En este sentido, la política industrial ha vuelto a tomar el protagonismo que perdió durante los últimos años. En 2021, la Unión Europea aprobó el plan Next Generation UE con 800.000 millones en fondos para modernizar la economía europea en áreas como la digitalización, la transición energética o la investigación. Aunque nadie lo define como tal, se trata de un plan industrial que desgraciadamente no está orientado al tejido productivo local, sino que básicamente está pensado para que las grandes multinacionales europeas estén en condiciones de competir con los gigantes chinos o estadounidenses.
Da la impresión de que esa vuelta a la política industrial habría inspirado las principales leyes aprobadas últimamente en EEUU (Ley de Reducción de la Inflación, Ley de Chips y Ciencia...) y en la UE (Next Generation EU, Ley Europea de Chips y la RePowerEU). Una característica de todas ellas es que el Estado ya no aparece como el instrumento que corrige los fallos del mercado, sino que vuelve a participar activamente en la política económica como inversor. Un cambio sin duda positivo que certifica el fracaso de la política neoliberal desarrollada hasta ahora.
Por otro lado, esta nueva política industrial está poniendo en manos de las multinacionales grandes recursos públicos. El Estado no se plantea sustituir la iniciativa privada, sino movilizarla en una determinada dirección. De alguna manera, el Estado establece los objetivos y pone el capital; dicho de otro modo, se limita a garantizar el retorno de las inversiones privadas.
Este planteamiento tiene evidentes peligros. El principal es que el diseño y la ejecución de los planes públicos se deja en manos privadas, como está ocurriendo con los fondos Next Generation EU. La experiencia dice que por mucho «capitalismo de los grupos de interés» que predique el Foro de Davos, los intereses del capital no suelen coincidir con el interés general.
A modo de conclusión
Las presiones inflacionistas fruto de las sanciones, la guerra en Ucrania, el creciente coste de la energía fósil y los obstáculos al libre comercio en forma de aranceles a las importaciones o de ayudas de Estado para una incipiente reindustrialización se van a mantener.

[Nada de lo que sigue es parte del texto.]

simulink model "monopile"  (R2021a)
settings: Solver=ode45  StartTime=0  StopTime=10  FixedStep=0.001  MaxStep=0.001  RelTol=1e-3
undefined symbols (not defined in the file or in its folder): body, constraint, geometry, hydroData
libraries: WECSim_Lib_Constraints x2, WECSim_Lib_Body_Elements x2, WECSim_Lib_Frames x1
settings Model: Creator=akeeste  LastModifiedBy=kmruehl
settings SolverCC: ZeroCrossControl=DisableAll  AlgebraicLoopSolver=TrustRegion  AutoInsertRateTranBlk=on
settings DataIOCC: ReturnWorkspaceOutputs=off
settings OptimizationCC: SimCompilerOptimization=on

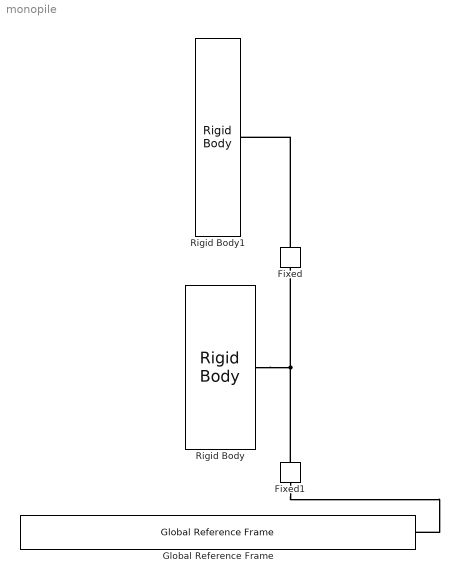
== system monopile ==
  Fixed : WECSim_Lib_Constraints/Fixed  constraint=constraint(2)  loc="0  0  0"  displacement=0 0 0  y=0 1 0  z=0 0 1  upperLimitSpecify=off  upperLimitBound=0  upperLimitTransitionRegionWidth=0  upperLimitStiffness=0  upperLimitDamping=0  lowerLimitSpecify=off  lowerLimitBound=0  lowerLimitTransitionRegionWidth=0  lowerLimitStiffness=0  lowerLimitDamping=0
      settings: AttributesFormatString=%<constraint>  SourceProductName=WEC-Sim
  Fixed1 : WECSim_Lib_Constraints/Fixed  constraint=constraint(1)  loc="0  0  0"  displacement=0 0 0  y=0 1 0  z=0 0 1  upperLimitSpecify=off  upperLimitBound=0  upperLimitTransitionRegionWidth=0  upperLimitStiffness=0  upperLimitDamping=0  lowerLimitSpecify=off  lowerLimitBound=0  lowerLimitTransitionRegionWidth=0  lowerLimitStiffness=0  lowerLimitDamping=0
      settings: AttributesFormatString=%<constraint>  SourceProductName=WEC-Sim
  Global Reference Frame : WECSim_Lib_Frames/Global Reference Frame  waves=waves  simu=simu  InputMethod=Input File  InputFile=wecSimInputFile.m  mode=normal  explorer=off  solver=ode4  startTime=0  rampTime=100  endTime=400  dt=0.1  cicEndTime=60  stateSpace=0  WaveClass=regular  H=2.5  T=8  elevationFile=NOT DEFINED  spectrumFile=NOT DEFINED  direction=0  spread=1  spectrumType=NOT DEFINED  phaseSeed=0  option=EqualEnergy
      settings: SourceProductName=WEC-Sim
  Rigid Body : WECSim_Lib_Body_Elements/Rigid Body  body=body(1)  h5File=hydroData/*.h5  geometryFile=geometry/*.stl  mass=0  momOfInertia=0 0 0  nonHydro=0  nonlinearHydro=0  cg=0 0 0  cb=0 0 0  dof=6  volume=0  displacement=0 0 0  axis=0 1 0  angle=0  option=0  cd=0 0 0  ca=0 0 0  area=0 0 0  VME=0  rgME=0 0 0  z=0 0 1
      settings: SourceProductName=WEC-Sim
  Rigid Body1 : WECSim_Lib_Body_Elements/Rigid Body  body=body(2)  h5File=hydroData/*.h5  geometryFile=geometry/*.stl  mass=0  momOfInertia=0 0 0  nonHydro=0  nonlinearHydro=0  cg=0 0 0  cb=0 0 0  dof=6  volume=0  displacement=0 0 0  axis=0 1 0  angle=0  option=0  cd=0 0 0  ca=0 0 0  area=0 0 0  VME=0  rgME=0 0 0  z=0 0 1
      settings: SourceProductName=WEC-Sim
  connections:
  Fixed1/LConn1 -- Global Reference Frame/RConn1
  Fixed/RConn1 -- Rigid Body1/RConn1
  Rigid Body/RConn1 -- Fixed/LConn1 -- Fixed1/RConn1
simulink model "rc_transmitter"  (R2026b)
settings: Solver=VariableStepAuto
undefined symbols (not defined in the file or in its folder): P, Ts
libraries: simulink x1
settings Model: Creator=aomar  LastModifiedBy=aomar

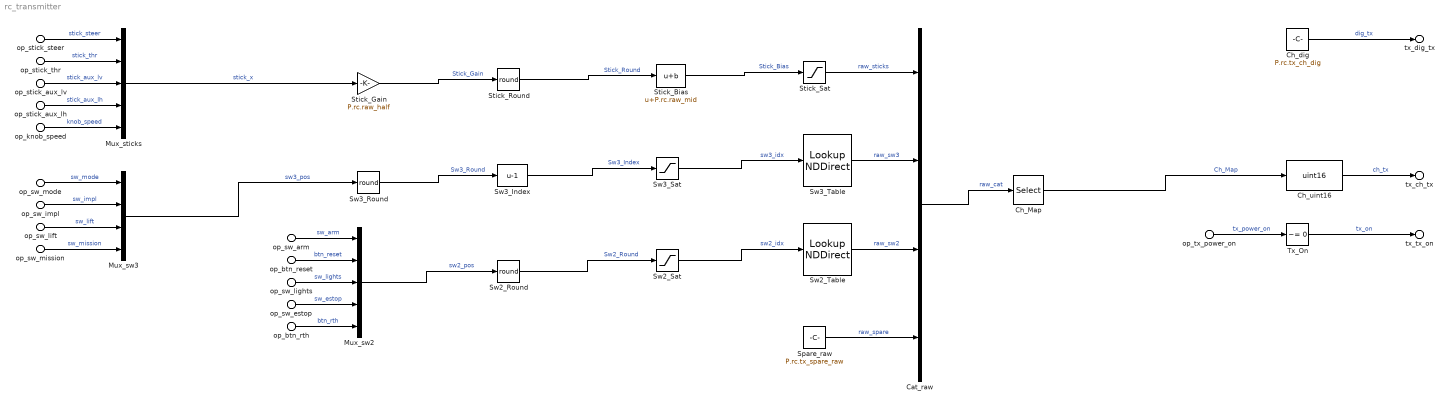
== system rc_transmitter ==
  op_stick_steer : Inport  PortName=op  Element=stick_steer
  op_stick_thr : Inport  PortName=op  Element=stick_thr
  op_stick_aux_lv : Inport  PortName=op  Element=stick_aux_lv
  op_stick_aux_lh : Inport  PortName=op  Element=stick_aux_lh
  op_knob_speed : Inport  PortName=op  Element=knob_speed
  op_sw_mode : Inport  PortName=op  Element=sw_mode
  op_sw_impl : Inport  PortName=op  Element=sw_impl
  op_sw_lift : Inport  PortName=op  Element=sw_lift
  op_sw_mission : Inport  PortName=op  Element=sw_mission
  op_sw_arm : Inport  PortName=op  Element=sw_arm
  op_btn_reset : Inport  PortName=op  Element=btn_reset
  op_sw_lights : Inport  PortName=op  Element=sw_lights
  op_sw_estop : Inport  PortName=op  Element=sw_estop
  op_btn_rth : Inport  PortName=op  Element=btn_rth
  op_tx_power_on : Inport  PortName=op  Element=tx_power_on
  Cat_raw : Concatenate  NumInputs=4
  Ch_Map : Selector  InputPortWidth=P.rc.n_ch  IndexOptions=Index vector (dialog)  Indices=P.rc.tx_perm  OutputSizes=1
  Ch_dig : Constant  Value=P.rc.tx_ch_dig  OutDataTypeStr=boolean  SampleTime=Ts.rc_frame
  Ch_uint16 : DataTypeConversion  OutDataTypeStr=uint16  RndMeth=Round
  Mux_sticks : Mux  Inputs=5
  Mux_sw2 : Mux  Inputs=5
  Mux_sw3 : Mux
  Spare_raw : Constant  Value=P.rc.tx_spare_raw  SampleTime=Ts.rc_frame
  Stick_Bias : Bias  Bias=P.rc.raw_mid  SaturateOnIntegerOverflow=off
  Stick_Gain : Gain  Gain=P.rc.raw_half
  Stick_Round : Rounding  Operator=round
  Stick_Sat : Saturate  UpperLimit=P.rc.raw_max  LowerLimit=P.rc.raw_min
  Sw2_Round : Rounding  Operator=round
  Sw2_Sat : Saturate  UpperLimit=numel(P.rc.raw_sw2)-1  LowerLimit=0
  Sw2_Table : LookupNDDirect  NumberOfTableDimensions=1  Table=P.rc.raw_sw2  DiagnosticForOutOfRangeInput=Error
  Sw3_Index : Bias  Bias=-1  SaturateOnIntegerOverflow=off
  Sw3_Round : Rounding  Operator=round
  Sw3_Sat : Saturate  UpperLimit=numel(P.rc.raw_sw3)-1  LowerLimit=0
  Sw3_Table : LookupNDDirect  NumberOfTableDimensions=1  Table=P.rc.raw_sw3  DiagnosticForOutOfRangeInput=Error
  Tx_On : simulink/Logic and Bit Operations/Compare To Constant  relop=~=  const=0  OutDataTypeStr=boolean
  tx_ch_tx : Outport  PortName=tx  Element=ch_tx
  tx_dig_tx : Outport  PortName=tx  Element=dig_tx
  tx_tx_on : Outport  PortName=tx  Element=tx_on
  wires:
  op_stick_steer/1 -> Mux_sticks/1  "stick_steer"
  op_stick_thr/1 -> Mux_sticks/2  "stick_thr"
  op_stick_aux_lv/1 -> Mux_sticks/3  "stick_aux_lv"
  op_stick_aux_lh/1 -> Mux_sticks/4  "stick_aux_lh"
  op_knob_speed/1 -> Mux_sticks/5  "knob_speed"
  op_sw_mode/1 -> Mux_sw3/1  "sw_mode"
  op_sw_impl/1 -> Mux_sw3/2  "sw_impl"
  op_sw_lift/1 -> Mux_sw3/3  "sw_lift"
  op_sw_mission/1 -> Mux_sw3/4  "sw_mission"
  Mux_sticks/1 -> Stick_Gain/1  "stick_x"
  Mux_sw3/1 -> Sw3_Round/1  "sw3_pos"
  op_sw_arm/1 -> Mux_sw2/1  "sw_arm"
  op_btn_reset/1 -> Mux_sw2/2  "btn_reset"
  op_sw_lights/1 -> Mux_sw2/3  "sw_lights"
  op_sw_estop/1 -> Mux_sw2/4  "sw_estop"
  op_btn_rth/1 -> Mux_sw2/5  "btn_rth"
  Mux_sw2/1 -> Sw2_Round/1  "sw2_pos"
  Stick_Gain/1 -> Stick_Round/1  "Stick_Gain"
  Sw3_Round/1 -> Sw3_Index/1  "Sw3_Round"
  Stick_Round/1 -> Stick_Bias/1  "Stick_Round"
  Sw2_Round/1 -> Sw2_Sat/1  "Sw2_Round"
  Sw3_Index/1 -> Sw3_Sat/1  "Sw3_Index"
  Sw3_Sat/1 -> Sw3_Table/1  "sw3_idx"
  Sw2_Sat/1 -> Sw2_Table/1  "sw2_idx"
  Stick_Bias/1 -> Stick_Sat/1  "Stick_Bias"
  Stick_Sat/1 -> Cat_raw/1  "raw_sticks"
  Spare_raw/1 -> Cat_raw/4  "raw_spare"
  Sw3_Table/1 -> Cat_raw/2  "raw_sw3"
  Sw2_Table/1 -> Cat_raw/3  "raw_sw2"
  Cat_raw/1 -> Ch_Map/1  "raw_cat"
  Ch_Map/1 -> Ch_uint16/1  "Ch_Map"
  op_tx_power_on/1 -> Tx_On/1  "tx_power_on"
  Ch_dig/1 -> tx_dig_tx/1  "dig_tx"
  Tx_On/1 -> tx_tx_on/1  "tx_on"
  Ch_uint16/1 -> tx_ch_tx/1  "ch_tx"

Por otro lado, el alza de tipos empuja a la economía hacia la recesión, esto es, caída de la producción y desempleo.
En segundo lugar, se está produciendo un desplazamiento de las decisiones estratégicas hacia Bruselas, en las que el peso de las grandes multinacionales europeas y el capital financiero es enorme. Y los intereses del gran capital no coinciden necesariamente con los del tejido productivo. A medida que se centralizan las decisiones de política económica en Bruselas, los Estados pierden peso político, pero también los sindicatos y las tradicionales asociaciones empresariales. La cuestión de la soberanía va a ganar peso en todos los ámbitos, pero especialmente en el económico.
El discurso neoliberal legitimador de la globalización está haciendo aguas. La mayoría de las decisiones que se están tomando están en contradicción con los presupuestos liberales. Que haya entrado en crisis no significa que exista un discurso progresista capaz de sustituirlo. Existe un vacío que de una u otra forma se llenará.